*Task prompt*. From the records below, print exactly the lines starting at the one containing "Filter_omega : Subsystem" and ending at the one containing "MATLAB Function5 : MATLAB", ends included, and nothing else.

*Data listing*.
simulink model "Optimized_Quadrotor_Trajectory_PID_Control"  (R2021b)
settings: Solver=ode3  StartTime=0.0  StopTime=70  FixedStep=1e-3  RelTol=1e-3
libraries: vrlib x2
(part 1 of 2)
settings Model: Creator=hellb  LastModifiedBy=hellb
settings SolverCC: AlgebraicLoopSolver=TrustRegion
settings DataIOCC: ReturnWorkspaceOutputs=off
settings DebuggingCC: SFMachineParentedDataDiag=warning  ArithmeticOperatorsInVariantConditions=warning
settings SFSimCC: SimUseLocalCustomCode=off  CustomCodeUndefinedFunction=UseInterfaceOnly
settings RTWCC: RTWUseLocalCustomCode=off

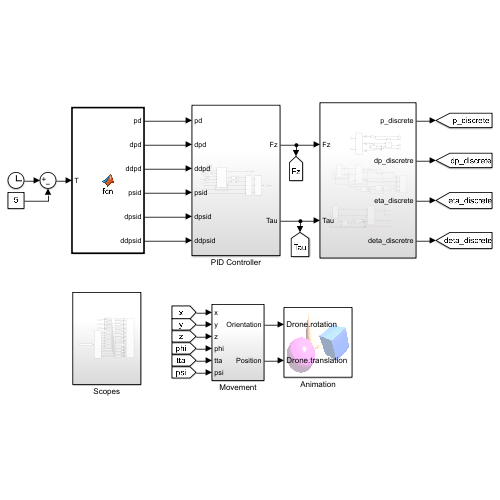
[thumbnail: Simulink's stored preview of the top-level diagram]
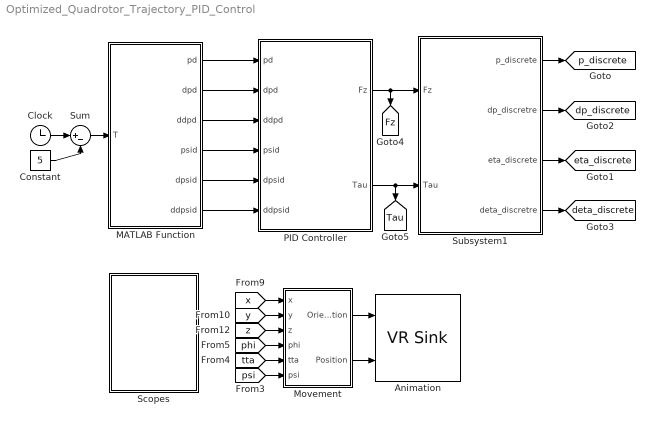
== system Optimized_Quadrotor_Trajectory_PID_Control ==
  Animation : vrlib/VR Sink  InstantiateOnLoad=on  SampleTime=0.01  ViewEnable=on  RemoteChange=off  RemoteView=off  FieldsWritten=Drone.rotation.4.1.1.double#Drone.translation.3.1.1.double  WorldFileName=Animation\hummingbird.wrl  AutoView=off  VideoDimensions=[]  AllowVariableSize=off
  Clock : Clock
  Constant : Constant  Value=5
  MATLAB Function : MATLAB Function  TreatAsAtomicUnit=on
  Movement : Subsystem
  PID Controller : Subsystem
  Scopes : Subsystem
  Subsystem1 : Subsystem
  Sum : Sum  Inputs=|+-
  tag scope: Fz=global, Tau=global, deta_discrete=global, dp_discrete=global, eta_discrete=global, p_discrete=global
  wires:
  [tta] -> Movement/5(tta)
  Movement/1(Orientation) -> Animation/1
  [z] -> Movement/3(z)
  Movement/2(Position) -> Animation/2
  [psi] -> Movement/6(psi)
  [y] -> Movement/2(y)
  [phi] -> Movement/4(phi)
  [x] -> Movement/1(x)
  Clock/1 -> Sum/1
  PID Controller/2(Tau) -> [Tau], Subsystem1/2(Tau)
  Subsystem1/1(p_discrete) -> [p_discrete]
  Subsystem1/3(eta_discrete) -> [eta_discrete]
  PID Controller/1(Fz) -> [Fz], Subsystem1/1(Fz)
  Subsystem1/2(dp_discretre) -> [dp_discrete]
  Subsystem1/4(deta_discretre) -> [deta_discrete]
  Sum/1 -> MATLAB Function/1(T)
  Constant/1 -> Sum/2
  MATLAB Function/1(pd) -> PID Controller/1(pd)
  MATLAB Function/2(dpd) -> PID Controller/2(dpd)
  MATLAB Function/3(ddpd) -> PID Controller/3(ddpd)
  MATLAB Function/4(psid) -> PID Controller/4(psid)
  MATLAB Function/5(dpsid) -> PID Controller/5(dpsid)
  MATLAB Function/6(ddpsid) -> PID Controller/6(ddpsid)

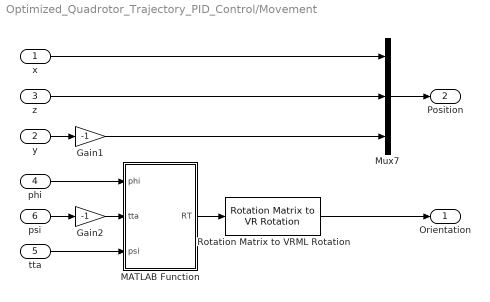
== system Optimized_Quadrotor_Trajectory_PID_Control/Movement ==
  x : Inport
  y : Inport  Port=2
  z : Inport  Port=3
  phi : Inport  Port=4
  tta : Inport  Port=5
  psi : Inport  Port=6
  Gain1 : Gain  Gain=-1
  Gain2 : Gain  Gain=-1
  MATLAB Function : MATLAB Function  TreatAsAtomicUnit=on
  Mux7 : Mux  Inputs=3
  Rotation Matrix to VRML Rotation : vrlib/Utilities/Rotation Matrix to VR Rotation  maxzero=1e-12
      settings: SourceProductBaseCode=SL
  Orientation : Outport  VectorParamsAs1DForOutWhenUnconnected=off
  Position : Outport  Port=2  VectorParamsAs1DForOutWhenUnconnected=off
  wires:
  Gain1/1 -> Mux7/3
  Rotation Matrix to VRML Rotation/1 -> Orientation/1
  Mux7/1 -> Position/1
  x/1 -> Mux7/1
  psi/1 -> Gain2/1
  MATLAB Function/1(RT) -> Rotation Matrix to VRML Rotation/1
  phi/1 -> MATLAB Function/1(phi)
  y/1 -> Gain1/1
  z/1 -> Mux7/2
  Gain2/1 -> MATLAB Function/2(tta)
  tta/1 -> MATLAB Function/3(psi)

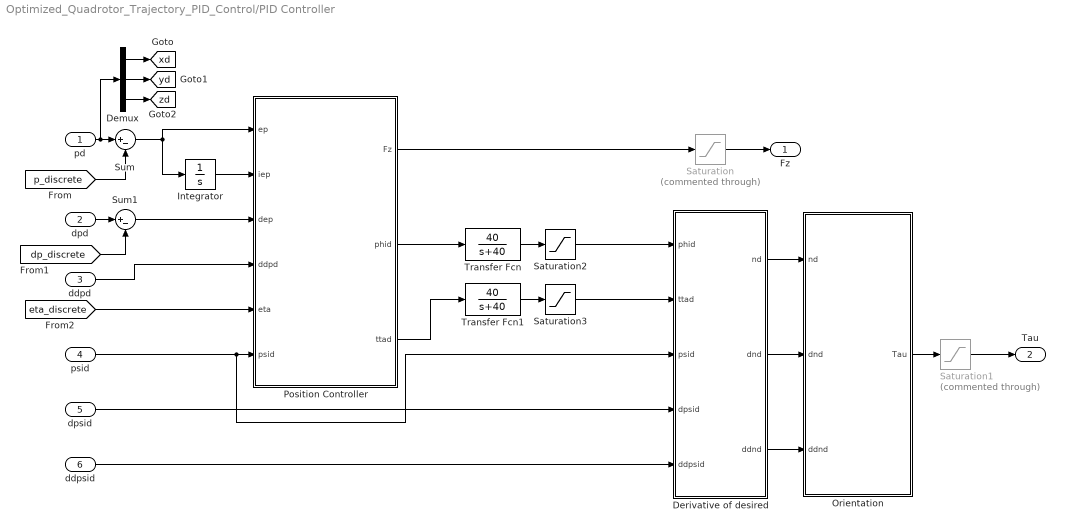
== system Optimized_Quadrotor_Trajectory_PID_Control/PID Controller ==
  pd : Inport
  dpd : Inport  Port=2
  ddpd : Inport  Port=3
  psid : Inport  Port=4
  dpsid : Inport  Port=5
  ddpsid : Inport  Port=6
  Demux : Demux  Outputs=3
  Derivative of desired : Subsystem
  Integrator : Integrator  InitialCondition=[0;0;0]
  Orientation : Subsystem
  Position Controller : MATLAB Function  TreatAsAtomicUnit=on
  Saturation : Saturate  Commented=through  UpperLimit=25  LowerLimit=0
  Saturation1 : Saturate  Commented=through  UpperLimit=0.2*(25/4)  LowerLimit=-0.2*(25/4)
  Saturation2 : Saturate  UpperLimit=0.25  LowerLimit=-0.25
  Saturation3 : Saturate  UpperLimit=0.25  LowerLimit=-0.25
  Sum : Sum  Inputs=|+-
  Sum1 : Sum  Inputs=|+-
  Transfer Fcn : TransferFcn  Numerator=[40]  Denominator=[1 40]
  Transfer Fcn1 : TransferFcn  Numerator=[40]  Denominator=[1 40]
  Fz : Outport  VectorParamsAs1DForOutWhenUnconnected=off
  Tau : Outport  Port=2  VectorParamsAs1DForOutWhenUnconnected=off
  tag scope: xd=global, yd=global, zd=global
  wires:
  ddpd/1 -> Position Controller/4(ddpd)
  dpd/1 -> Sum1/1
  [dp_discrete] -> Sum1/2
  Integrator/1 -> Position Controller/2(iep)
  [eta_discrete] -> Position Controller/5(eta)
  Derivative of desired/1(nd) -> Orientation/1(nd)
  Derivative of desired/2(dnd) -> Orientation/2(dnd)
  pd/1 -> Demux/1, Sum/1
  [p_discrete] -> Sum/2
  Sum/1 -> Integrator/1, Position Controller/1(ep)
  Sum1/1 -> Position Controller/3(dep)
  Demux/1 -> [xd]
  Demux/3 -> [zd]
  Demux/2 -> [yd]
  psid/1 -> Derivative of desired/3(psid), Position Controller/6(psid)
  Position Controller/3(ttad) -> Transfer Fcn1/1
  Position Controller/1(Fz) -> Saturation/1
  Orientation/1(Tau) -> Saturation1/1
  Saturation/1 -> Fz/1
  Saturation1/1 -> Tau/1
  dpsid/1 -> Derivative of desired/4(dpsid)
  ddpsid/1 -> Derivative of desired/5(ddpsid)
  Derivative of desired/3(ddnd) -> Orientation/3(ddnd)
  Position Controller/2(phid) -> Transfer Fcn/1
  Saturation2/1 -> Derivative of desired/1(phid)
  Transfer Fcn/1 -> Saturation2/1
  Transfer Fcn1/1 -> Saturation3/1
  Saturation3/1 -> Derivative of desired/2(ttad)

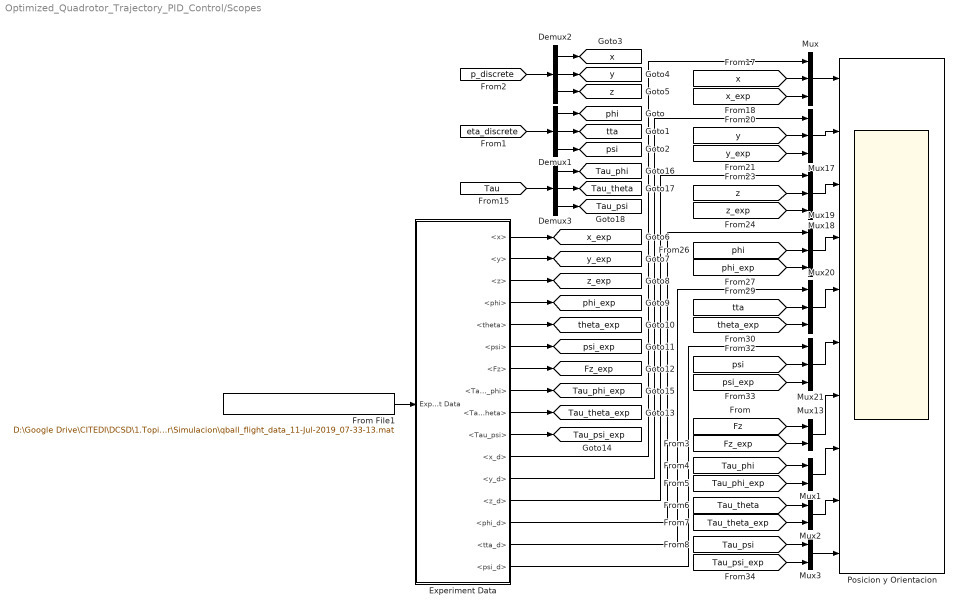
== system Optimized_Quadrotor_Trajectory_PID_Control/Scopes ==
  Demux1 : Demux  Outputs=3
  Demux2 : Demux  Outputs=3
  Demux3 : Demux  Outputs=3
  Experiment Data : Subsystem
  From File1 : FromFile  FileName=D:\Google Drive\CITEDI\DCSD\1.Topicos de Identificacion y Control Adaptable\Optimizacion Quadrotor\Simulacion\qball_flight_data_11-Jul-2019_07-33-13.mat  SampleTime=0
  Mux{,17..21} (6 alike) : Mux  Inputs=3
  Mux{1..3,13} (4 alike) : Mux  Inputs=2
  Posicion y Orientacion : Scope  NumInputPorts=10
  tag scope: Fz_exp=global, Tau_phi=global, Tau_phi_exp=global, Tau_psi=global, Tau_psi_exp=global, Tau_theta=global, Tau_theta_exp=global, phi=global, phi_exp=global, psi=global, psi_exp=global, theta_exp=global, tta=global, x=global, x_exp=global, y=global, y_exp=global, z=global, z_exp=global
  wires:
  Demux1/3 -> [psi]
  Demux1/2 -> [tta]
  [eta_discrete] -> Demux1/1
  Demux1/1 -> [phi]
  Demux2/1 -> [x]
  [p_discrete] -> Demux2/1
  Demux2/2 -> [y]
  Demux2/3 -> [z]
  [Fz] -> Mux13/1
  [Tau] -> Demux3/1
  Mux/1 -> Posicion y Orientacion/1
  [x] -> Mux/2
  [x_exp] -> Mux/3
  [y_exp] -> Mux17/3
  [y] -> Mux17/2
  Mux17/1 -> Posicion y Orientacion/2
  Mux18/1 -> Posicion y Orientacion/3
  [z] -> Mux18/2
  [z_exp] -> Mux18/3
  [phi_exp] -> Mux19/3
  [phi] -> Mux19/2
  Mux19/1 -> Posicion y Orientacion/4
  Mux20/1 -> Posicion y Orientacion/5
  [tta] -> Mux20/2
  [theta_exp] -> Mux20/3
  [psi_exp] -> Mux21/3
  [psi] -> Mux21/2
  Mux21/1 -> Posicion y Orientacion/6
  From File1/1 -> Experiment Data/1(Experiment Data)
  Experiment Data/1(<x>) -> [x_exp]
  Experiment Data/2(<y>) -> [y_exp]
  Experiment Data/3(<z>) -> [z_exp]
  Experiment Data/4(<phi>) -> [phi_exp]
  Experiment Data/5(<theta>) -> [theta_exp]
  Experiment Data/6(<psi>) -> [psi_exp]
  Experiment Data/7(<Fz>) -> [Fz_exp]
  Experiment Data/8(<Tau_phi>) -> [Tau_phi_exp]
  Experiment Data/9(<Tau_theta>) -> [Tau_theta_exp]
  Experiment Data/10(<Tau_psi>) -> [Tau_psi_exp]
  [Fz_exp] -> Mux13/2
  Demux3/1 -> [Tau_phi]
  Demux3/2 -> [Tau_theta]
  Demux3/3 -> [Tau_psi]
  [Tau_phi] -> Mux1/1
  [Tau_theta] -> Mux2/1
  [Tau_psi] -> Mux3/1
  Experiment Data/11(<x_d>) -> Mux/1
  Experiment Data/12(<y_d>) -> Mux17/1
  Experiment Data/13(<z_d>) -> Mux18/1
  Experiment Data/16(<psi_d>) -> Mux21/1
  Experiment Data/14(<phi_d>) -> Mux19/1
  Experiment Data/15(<tta_d>) -> Mux20/1
  Mux13/1 -> Posicion y Orientacion/7
  Mux1/1 -> Posicion y Orientacion/8
  Mux2/1 -> Posicion y Orientacion/9
  Mux3/1 -> Posicion y Orientacion/10
  [Tau_phi_exp] -> Mux1/2
  [Tau_theta_exp] -> Mux2/2
  [Tau_psi_exp] -> Mux3/2

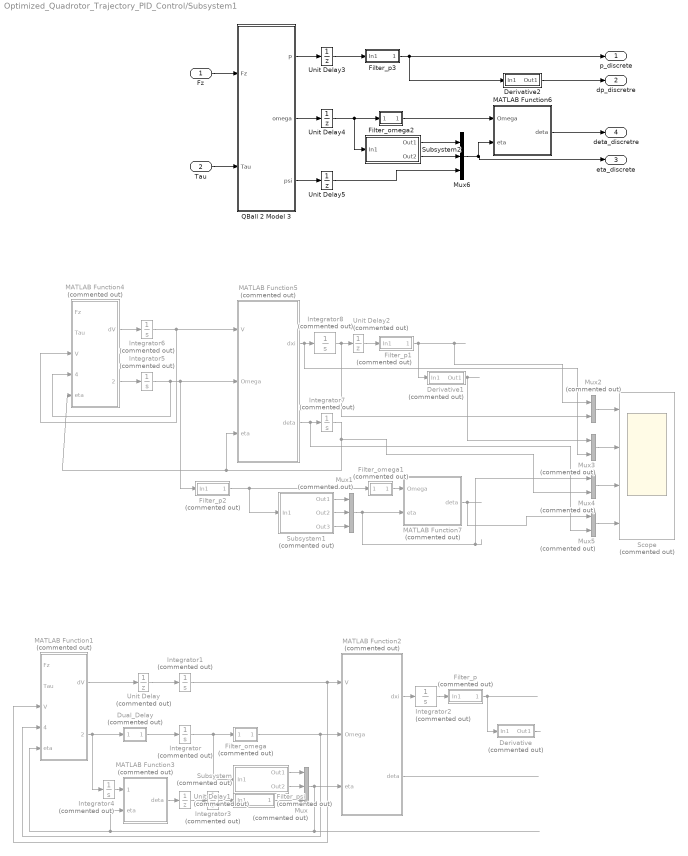
== system Optimized_Quadrotor_Trajectory_PID_Control/Subsystem1 ==
  Fz : Inport
  Tau : Inport  Port=2
  Derivative : Subsystem  Commented=on
  Derivative1 : Subsystem  Commented=on
  Derivative2 : Subsystem
  Dual_Delay : Subsystem  Commented=on
  Filter_omega : Subsystem  Commented=on
  Filter_omega1 : Subsystem  Commented=on
  Filter_omega2 : Subsystem
  Filter_p : Subsystem  Commented=on
  Filter_p1 : Subsystem  Commented=on
  Filter_p2 : Subsystem  Commented=on
  Filter_p3 : Subsystem
  Filter_psi : Subsystem  Commented=on
  Integrator{,1,3..7} (7 alike) : Integrator  Commented=on  InitialCondition=[0;0;0]
  Integrator2 : Integrator  Commented=on  InitialCondition=[0;0;0.3]  LimitOutput=on  LowerSaturationLimit=[-inf;-inf;0.3]
  Integrator8 : Integrator  Commented=on  InitialCondition=[0;0;0.3]  LimitOutput=on  LowerSaturationLimit=[-inf;-inf;0.3]
  MATLAB Function1 : MATLAB Function  Commented=on  TreatAsAtomicUnit=on
  MATLAB Function2 : MATLAB Function  Commented=on  TreatAsAtomicUnit=on
  MATLAB Function3 : MATLAB Function  Commented=on  TreatAsAtomicUnit=on
  MATLAB Function4 : MATLAB Function  Commented=on  TreatAsAtomicUnit=on
  MATLAB Function5 : MATLAB Function  Commented=on  TreatAsAtomicUnit=on
  MATLAB Function6 : MATLAB Function  TreatAsAtomicUnit=on
  MATLAB Function7 : MATLAB Function  Commented=on  TreatAsAtomicUnit=on
  Mux : Mux  Commented=on  Inputs=3
  Mux1 : Mux  Commented=on  Inputs=3
  Mux{2..5} (4 alike) : Mux  Commented=on  Inputs=2
  Mux6 : Mux  Inputs=3
  QBall 2 Model 3 : Subsystem
  Scope : Scope  Commented=on  NumInputPorts=4
  Subsystem : Subsystem  Commented=on
  Subsystem1 : Subsystem  Commented=on
  Subsystem2 : Subsystem
  Unit Delay : UnitDelay  Commented=on  SampleTime=0.033  HasFrameUpgradeWarning=on
  Unit Delay1 : UnitDelay  Commented=on  SampleTime=0.033  HasFrameUpgradeWarning=on
  Unit Delay2 : UnitDelay  Commented=on  SampleTime=0.033  HasFrameUpgradeWarning=on
  Unit Delay3 : UnitDelay  InitialCondition=[0;0;0.3]  SampleTime=0.033  HasFrameUpgradeWarning=on
  Unit Delay4 : UnitDelay  InitialCondition=[0;0;0]  SampleTime=0.002  HasFrameUpgradeWarning=on
  Unit Delay5 : UnitDelay  SampleTime=0.033  HasFrameUpgradeWarning=on
  p_discrete : Outport  VectorParamsAs1DForOutWhenUnconnected=off
  dp_discretre : Outport  Port=2  VectorParamsAs1DForOutWhenUnconnected=off
  eta_discrete : Outport  Port=3  VectorParamsAs1DForOutWhenUnconnected=off
  deta_discretre : Outport  Port=4  VectorParamsAs1DForOutWhenUnconnected=off
  wires:
  MATLAB Function1/1(dV) -> Unit Delay/1
  Fz/1 -> QBall 2 Model 3/1(Fz)
  MATLAB Function1/2(dOmega) -> Dual_Delay/1(In), Integrator4/1
  Integrator2/1 -> Filter_p/1(In1)
  Tau/1 -> QBall 2 Model 3/2(Tau)
  Integrator1/1 -> MATLAB Function2/1(V), MATLAB Function1/3(V)
  Filter_p/1(Out1) -> Derivative/1(In1)
  Filter_omega/1(Out) -> MATLAB Function2/2(Omega), MATLAB Function1/4(Omega)
  Filter_psi/1(psi_discrete) -> Mux/3
  Integrator/1 -> Filter_omega/1(In), Subsystem/1(In1)
  Subsystem/1(Out1) -> Mux/1
  Subsystem/2(Out2) -> Mux/2
  Unit Delay/1 -> Integrator1/1
  Dual_Delay/1(Out) -> Integrator/1
  MATLAB Function2/2(deta) -> ?
  MATLAB Function2/1(dxi) -> Integrator2/1
  Derivative/1(Out1) -> ?
  Integrator4/1 -> MATLAB Function3/1(Omega)
  Mux/1 -> MATLAB Function2/3(eta), MATLAB Function3/2(eta), MATLAB Function1/5(eta)
  MATLAB Function3/1(deta) -> Unit Delay1/1
  Unit Delay1/1 -> Integrator3/1
  Integrator3/1 -> Filter_psi/1(In1)
  MATLAB Function4/1(dV) -> Integrator6/1
  Integrator6/1 -> MATLAB Function5/1(V), MATLAB Function4/3(V)
  MATLAB Function5/2(deta) -> Mux5/2, Integrator7/1
  Integrator7/1 -> Mux4/2, MATLAB Function4/5(eta), MATLAB Function5/3(eta)
  Derivative1/1(Out1) -> Mux3/1
  Filter_p1/1(Out1) -> Mux2/1, Derivative1/1(In1)
  Integrator8/1 -> Mux2/2, Unit Delay2/1
  MATLAB Function5/1(dxi) -> Mux3/2, Integrator8/1
  Unit Delay2/1 -> Filter_p1/1(In1)
  Subsystem1/1(Out1) -> Mux1/1
  MATLAB Function4/2(dOmega) -> Integrator5/1
  Mux1/1 -> Mux4/1, MATLAB Function7/2(eta)
  Subsystem1/2(Out2) -> Mux1/2
  Integrator5/1 -> MATLAB Function4/4(Omega), Filter_p2/1(In1), MATLAB Function5/2(Omega)
  Filter_omega1/1(Out) -> MATLAB Function7/1(Omega)
  MATLAB Function7/1(deta) -> Mux5/1
  Mux2/1 -> Scope/1
  Mux3/1 -> Scope/2
  Mux4/1 -> Scope/3
  Mux5/1 -> Scope/4
  Filter_p2/1(Out1) -> Subsystem1/1(In1), Filter_omega1/1(In)
  Subsystem1/3(Out3) -> Mux1/3
  Unit Delay3/1 -> Filter_p3/1(In1)
  Filter_p3/1(Out1) -> p_discrete/1, Derivative2/1(In1)
  QBall 2 Model 3/1(p) -> Unit Delay3/1
  Derivative2/1(Out1) -> dp_discretre/1
  QBall 2 Model 3/2(omega) -> Unit Delay4/1
  QBall 2 Model 3/3(psi) -> Unit Delay5/1
  Unit Delay4/1 -> Subsystem2/1(In1), Filter_omega2/1(In)
  Filter_omega2/1(Out) -> MATLAB Function6/1(Omega)
  MATLAB Function6/1(deta) -> deta_discretre/1
  Subsystem2/1(Out1) -> Mux6/1
  Subsystem2/2(Out2) -> Mux6/2
  Unit Delay5/1 -> Mux6/3
  Mux6/1 -> MATLAB Function6/2(eta), eta_discrete/1

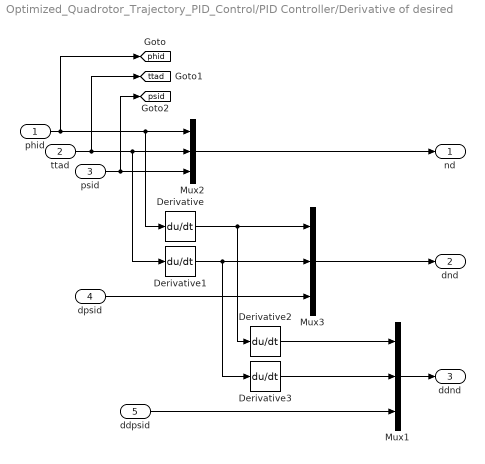
== system Optimized_Quadrotor_Trajectory_PID_Control/PID Controller/Derivative of desired ==
  phid : Inport
  ttad : Inport  Port=2
  psid : Inport  Port=3
  dpsid : Inport  Port=4
  ddpsid : Inport  Port=5
  Derivative{,1..3} (4 alike) : Derivative
  Mux1 : Mux  Inputs=3
  Mux2 : Mux  Inputs=3
  Mux3 : Mux  Inputs=3
  nd : Outport  VectorParamsAs1DForOutWhenUnconnected=off
  dnd : Outport  Port=2  VectorParamsAs1DForOutWhenUnconnected=off
  ddnd : Outport  Port=3  VectorParamsAs1DForOutWhenUnconnected=off
  tag scope: phid=global, psid=global, ttad=global
  wires:
  ttad/1 -> [ttad], Derivative1/1, Mux2/2
  Derivative/1 -> Derivative2/1, Mux3/1
  phid/1 -> [phid], Derivative/1, Mux2/1
  Mux3/1 -> dnd/1
  Derivative1/1 -> Derivative3/1, Mux3/2
  Mux2/1 -> nd/1
  psid/1 -> [psid], Mux2/3
  dpsid/1 -> Mux3/3
  ddpsid/1 -> Mux1/3
  Derivative3/1 -> Mux1/2
  Mux1/1 -> ddnd/1
  Derivative2/1 -> Mux1/1

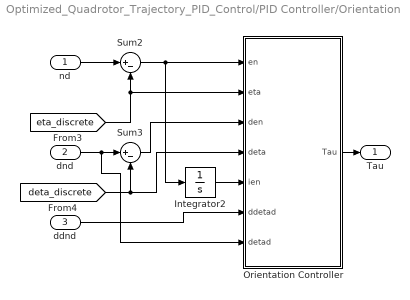
== system Optimized_Quadrotor_Trajectory_PID_Control/PID Controller/Orientation ==
  nd : Inport
  dnd : Inport  Port=2
  ddnd : Inport  Port=3
  Integrator2 : Integrator  InitialCondition=[0;0;0]
  Orientation Controller : MATLAB Function  TreatAsAtomicUnit=on
  Sum2 : Sum  Inputs=|+-
  Sum3 : Sum  Inputs=|+-
  Tau : Outport  VectorParamsAs1DForOutWhenUnconnected=off
  wires:
  [deta_discrete] -> Orientation Controller/4(deta), Sum3/2
  [eta_discrete] -> Sum2/2, Orientation Controller/2(eta)
  dnd/1 -> Orientation Controller/7(detad), Sum3/1
  Orientation Controller/1(Tau) -> Tau/1
  Sum2/1 -> Integrator2/1, Orientation Controller/1(en)
  Sum3/1 -> Orientation Controller/3(den)
  nd/1 -> Sum2/1
  Integrator2/1 -> Orientation Controller/5(ien)
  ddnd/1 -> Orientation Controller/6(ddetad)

*Answer to this task*.
  Filter_omega : Subsystem  Commented=on
  Filter_omega1 : Subsystem  Commented=on
  Filter_omega2 : Subsystem
  Filter_p : Subsystem  Commented=on
  Filter_p1 : Subsystem  Commented=on
  Filter_p2 : Subsystem  Commented=on
  Filter_p3 : Subsystem
  Filter_psi : Subsystem  Commented=on
  Integrator{,1,3..7} (7 alike) : Integrator  Commented=on  InitialCondition=[0;0;0]
  Integrator2 : Integrator  Commented=on  InitialCondition=[0;0;0.3]  LimitOutput=on  LowerSaturationLimit=[-inf;-inf;0.3]
  Integrator8 : Integrator  Commented=on  InitialCondition=[0;0;0.3]  LimitOutput=on  LowerSaturationLimit=[-inf;-inf;0.3]
  MATLAB Function1 : MATLAB Function  Commented=on  TreatAsAtomicUnit=on
  MATLAB Function2 : MATLAB Function  Commented=on  TreatAsAtomicUnit=on
  MATLAB Function3 : MATLAB Function  Commented=on  TreatAsAtomicUnit=on
  MATLAB Function4 : MATLAB Function  Commented=on  TreatAsAtomicUnit=on
  MATLAB Function5 : MATLAB Function  Commented=on  TreatAsAtomicUnit=on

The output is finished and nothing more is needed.